■ **Work request**
Output range, inclusive: from the line containing "16.7928932188), (17.5, 46.0371067812), align=None)" to the line containing "Line((-34.7144660941, 33.75), (-36.7144660941, 33.75))". Restate those lines from the data below word for word and only those.

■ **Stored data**
=== Section Start ===

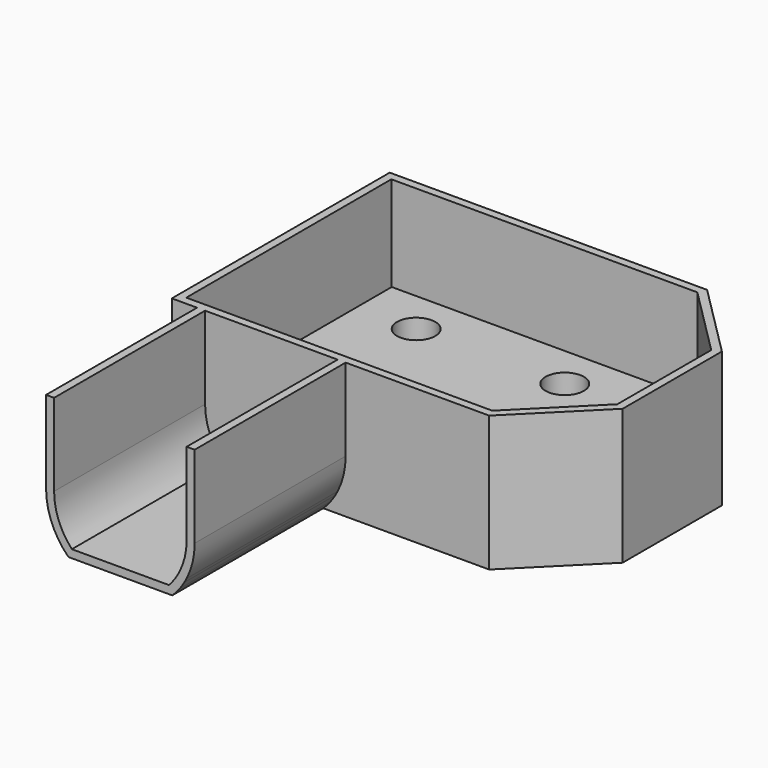
from build123d import *

# Parameters (mm, degrees)
F0_W     = 75.5
F0_H     = 62.83
F0_R     = 4.7625
F1_DEPTH = 10.5
F2_W     = 76.2071067812
F2_H     = 63.83
F3_DEPTH = 2
F4_DEPTH = 33.75
F9_DEPTH = 47


# Not quite as in the source:
# - a feature of the source that left no trace in its solid (it failed there, or was rolled back) is left out


with BuildPart() as f1:
    # F0 (on Top) → F1 (new body)
    with BuildSketch(Plane.XY):
        with Locations((-37.75, 31.415)):
            Rectangle(F0_W, F0_H)
        with Locations((-60.75, 10.83)):
            Circle(F0_R, mode=Mode.SUBTRACT)
        with Locations((-23.75, 10.83)):
            Circle(F0_R, mode=Mode.SUBTRACT)
        with Locations((-60.75, 52)):
            Circle(F0_R, mode=Mode.SUBTRACT)
        with Locations((-23.75, 52)):
            Circle(F0_R, mode=Mode.SUBTRACT)
        Polygon((0, 62.83), (0, 0), (17, 17), (17, 45.83), align=None)
    extrude(amount=F1_DEPTH)


with BuildPart() as f3:
    # F2 (on Top) → F3 (new body)
    with BuildSketch(Plane.XY):
        Polygon((1.0355339059, 0.3284271247), (0.2071067812, -0.5), (-76, -0.5), (-76, 63.33), (0.2071067812, 63.33), (1.0355339059, 62.5015728753), (1.0355339059, 65.33), (-78, 65.33), (-78, -2.5), (1.0355339059, -2.5), align=None)
        Polygon((17.5, 16.7928932188), (1.0355339059, 0.3284271247), (1.0355339059, -2.5), (19.5, 15.9644660941), (19.5, 46.8655339059), (1.0355339059, 65.33), (1.0355339059, 62.5015728753), (17.5, 46.0371067812), align=None)
        Polygon((1.0355339059, 62.5015728753), (1.0355339059, 0.3284271247), (17.5, 16.7928932188), (17.5, 46.0371067812), align=None)
        with Locations((-37.8964466094, 31.415)):
            Rectangle(F2_W, F2_H)
        Polygon((0.2071067812, 63.33), (0.2071067812, -0.5), (1.0355339059, 0.3284271247), (1.0355339059, 62.5015728753), align=None)
    extrude(amount=F3_DEPTH)

    # F2 (on Top) → F4 (join)
    with BuildSketch(Plane.XY):
        Polygon((1.0355339059, 0.3284271247), (0.2071067812, -0.5), (-76, -0.5), (-76, 63.33), (0.2071067812, 63.33), (1.0355339059, 62.5015728753), (1.0355339059, 65.33), (-78, 65.33), (-78, -2.5), (1.0355339059, -2.5), align=None)
        Polygon((17.5, 16.7928932188), (1.0355339059, 0.3284271247), (1.0355339059, -2.5), (19.5, 15.9644660941), (19.5, 46.8655339059), (1.0355339059, 65.33), (1.0355339059, 62.5015728753), (17.5, 46.0371067812), align=None)
    extrude(amount=F4_DEPTH)

    # F5: union 

    # F6 (on face) → F9 (join)
    with BuildSketch(Plane.XZ.offset(2.5)):
        with BuildLine():
            Line((-34.7144660941, 25.5687510354), (-34.7144660941, 28.1393741738))
            ThreePointArc((-34.7144660941, 28.1393741738), (-35.7447365731, 27.3232988085), (-36.7144660941, 26.4361342702))
            Line((-36.7144660941, 26.4361342702), (-36.7144660941, 23.4451856875))
            ThreePointArc((-36.7144660941, 23.4451856875), (-35.761487475, 24.5512536772), (-34.7144660941, 25.5687510354))
        make_face()
        with BuildLine():
            ThreePointArc((-36.7144660941, 26.4361342702), (-35.7447365731, 27.3232988085), (-34.7144660941, 28.1393741738))
            Line((-34.7144660941, 28.1393741738), (-34.7144660941, 33.75))
            Line((-34.7144660941, 33.75), (-36.7144660941, 33.75))
            Line((-36.7144660941, 33.75), (-36.7144660941, 26.4361342702))
        make_face()
        with BuildLine():
            Line((-34.7144660941, 13.2386868315), (-34.7144660941, 25.5687510354))
            ThreePointArc((-34.7144660941, 25.5687510354), (-35.761487475, 24.5512536772), (-36.7144660941, 23.4451856875))
            Line((-36.7144660941, 23.4451856875), (-36.7144660941, 21.6052870969))
            ThreePointArc((-36.7144660941, 21.6052870969), (-35.2214118786, 17.5398494651), (-34.7144660941, 13.2386868315))
        make_face()
        with BuildLine():
            ThreePointArc((-36.7144660941, 4.8720865662), (-35.2214118786, 8.937524198), (-34.7144660941, 13.2386868315))
            Line((-34.7144660941, 13.2386868315), (-36.7144660941, 13.2386868315))
            Line((-36.7144660941, 13.2386868315), (-36.7144660941, 4.8720865662))
        make_face()
        with BuildLine():
            Line((-36.7144660941, 13.2386868315), (-34.7144660941, 13.2386868315))
            ThreePointArc((-34.7144660941, 13.2386868315), (-35.2214118786, 17.5398494651), (-36.7144660941, 21.6052870969))
            Line((-36.7144660941, 21.6052870969), (-36.7144660941, 13.2386868315))
        make_face()
        with BuildLine():
            Line((-36.7144660941, 4.8720865662), (-36.7144660941, 13.2386868315))
            ThreePointArc((-36.7144660941, 13.2386868315), (-37.1624904325, 9.4197763374), (-38.482233047, 5.8082555219))
            ThreePointArc((-38.482233047, 5.8082555219), (-37.9233701313, 4.7908717814), (-37.2943615313, 3.8152972763))
            ThreePointArc((-37.2943615313, 3.8152972763), (-36.9958041312, 4.3389675026), (-36.7144660941, 4.8720865662))
        make_face()
        with BuildLine():
            ThreePointArc((-37.2943615313, 3.8152972763), (-37.9233701313, 4.7908717814), (-38.482233047, 5.8082555219))
            ThreePointArc((-38.482233047, 5.8082555219), (-39.0410959628, 4.7908717814), (-39.6701045628, 3.8152972763))
            ThreePointArc((-39.6701045628, 3.8152972763), (-39.1015956593, 2.9149999555), (-38.482233047, 2.0489008887))
            ThreePointArc((-38.482233047, 2.0489008887), (-37.8628704348, 2.9149999555), (-37.2943615313, 3.8152972763))
        make_face()
        with BuildLine():
            ThreePointArc((-40.25, 0.0412393929), (-39.3297816541, 1.0130769081), (-38.482233047, 2.0489008887))
            ThreePointArc((-38.482233047, 2.0489008887), (-39.1015956593, 2.9149999555), (-39.6701045628, 3.8152972763))
            ThreePointArc((-39.6701045628, 3.8152972763), (-39.9542699959, 3.4194608214), (-40.25, 3.0321879756))
            Line((-40.25, 3.0321879756), (-40.25, 0.0412393929))
        make_face()
        with BuildLine():
            ThreePointArc((-40.2921144901, 0), (-40.2710408208, 0.0206029237), (-40.25, 0.0412393929))
            Line((-40.25, 0.0412393929), (-40.25, 3.0321879756))
            ThreePointArc((-40.25, 3.0321879756), (-40.6812814796, 2.5069915592), (-41.1338237973, 2))
            ThreePointArc((-41.1338237973, 2), (-41.6789976888, 1.4411036608), (-42.25, 0.9086226277))
            Line((-42.25, 0.9086226277), (-42.25, 0))
            Line((-42.25, 0), (-40.2921144901, 0))
        make_face()
        with BuildLine():
            Line((-41.1338237973, 2), (-42.25, 2))
            Line((-42.25, 2), (-42.25, 0.9086226277))
            ThreePointArc((-42.25, 0.9086226277), (-41.6789976888, 1.4411036608), (-41.1338237973, 2))
        make_face()
        with BuildLine():
            Line((-42.25, 0.9086226277), (-42.25, 2))
            Line((-42.25, 2), (-65.2951083908, 2))
            ThreePointArc((-65.2951083908, 2), (-64.2243980751, 0.9492036132), (-63.0626725793, 0))
            Line((-63.0626725793, 0), (-60.75, 0))
            Line((-60.75, 0), (-43.3662596088, 0))
            ThreePointArc((-43.3662596088, 0), (-42.7982175494, 0.4421339263), (-42.25, 0.9086226277))
        make_face()
        with BuildLine():
            Line((-71.7144660941, 13.2386868315), (-69.7144660941, 13.2386868315))
            Line((-69.7144660941, 13.2386868544), (-69.7144660941, 21.6052870969))
            ThreePointArc((-69.7144660941, 21.6052870969), (-71.2075203095, 17.5398494651), (-71.7144660941, 13.2386868315))
        make_face()
        with BuildLine():
            ThreePointArc((-65.2951083908, 2), (-68.5699308893, 7.2004999412), (-69.7144660941, 13.2386868544))
            Line((-69.7144660941, 13.2386868544), (-69.7144660941, 4.8720865662))
            ThreePointArc((-69.7144660941, 4.8720865662), (-68.1259717308, 2.2889379921), (-66.136817698, 0))
            Line((-66.136817698, 0), (-63.0626725793, 0))
            ThreePointArc((-63.0626725793, 0), (-64.2243980751, 0.9492036132), (-65.2951083908, 2))
        make_face()
        with BuildLine():
            Line((-69.7144660941, 4.8720865662), (-69.7144660941, 13.2386868544))
            Line((-69.7144660941, 13.2386868315), (-71.7144660941, 13.2386868315))
            ThreePointArc((-71.7144660941, 13.2386868315), (-71.2075203095, 8.937524198), (-69.7144660941, 4.8720865662))
        make_face()
        with BuildLine():
            ThreePointArc((-71.7144660941, 13.2386868315), (-71.2075203095, 17.5398494651), (-69.7144660941, 21.6052870969))
            Line((-69.7144660941, 21.6052870969), (-69.7144660941, 33.75))
            Line((-69.7144660941, 33.75), (-71.7144660941, 33.75))
            Line((-71.7144660941, 33.75), (-71.7144660941, 13.2386868315))
        make_face()
        with BuildLine():
            Line((-43.3662596088, 0), (-42.25, 0))
            Line((-42.25, 0), (-42.25, 0.9086226277))
            ThreePointArc((-42.25, 0.9086226277), (-42.7982175494, 0.4421339263), (-43.3662596088, 0))
        make_face()
    extrude(amount=F9_DEPTH)


solid = Compound([f1.part, f3.part])

=== Section End ===

■ **Answer for this exercise**
        Polygon((1.0355339059, 62.5015728753), (1.0355339059, 0.3284271247), (17.5, 16.7928932188), (17.5, 46.0371067812), align=None)
        with Locations((-37.8964466094, 31.415)):
            Rectangle(F2_W, F2_H)
        Polygon((0.2071067812, 63.33), (0.2071067812, -0.5), (1.0355339059, 0.3284271247), (1.0355339059, 62.5015728753), align=None)
    extrude(amount=F3_DEPTH)

    # F2 (on Top) → F4 (join)
    with BuildSketch(Plane.XY):
        Polygon((1.0355339059, 0.3284271247), (0.2071067812, -0.5), (-76, -0.5), (-76, 63.33), (0.2071067812, 63.33), (1.0355339059, 62.5015728753), (1.0355339059, 65.33), (-78, 65.33), (-78, -2.5), (1.0355339059, -2.5), align=None)
        Polygon((17.5, 16.7928932188), (1.0355339059, 0.3284271247), (1.0355339059, -2.5), (19.5, 15.9644660941), (19.5, 46.8655339059), (1.0355339059, 65.33), (1.0355339059, 62.5015728753), (17.5, 46.0371067812), align=None)
    extrude(amount=F4_DEPTH)

    # F5: union 

    # F6 (on face) → F9 (join)
    with BuildSketch(Plane.XZ.offset(2.5)):
        with BuildLine():
            Line((-34.7144660941, 25.5687510354), (-34.7144660941, 28.1393741738))
            ThreePointArc((-34.7144660941, 28.1393741738), (-35.7447365731, 27.3232988085), (-36.7144660941, 26.4361342702))
            Line((-36.7144660941, 26.4361342702), (-36.7144660941, 23.4451856875))
            ThreePointArc((-36.7144660941, 23.4451856875), (-35.761487475, 24.5512536772), (-34.7144660941, 25.5687510354))
        make_face()
        with BuildLine():
            ThreePointArc((-36.7144660941, 26.4361342702), (-35.7447365731, 27.3232988085), (-34.7144660941, 28.1393741738))
            Line((-34.7144660941, 28.1393741738), (-34.7144660941, 33.75))
            Line((-34.7144660941, 33.75), (-36.7144660941, 33.75))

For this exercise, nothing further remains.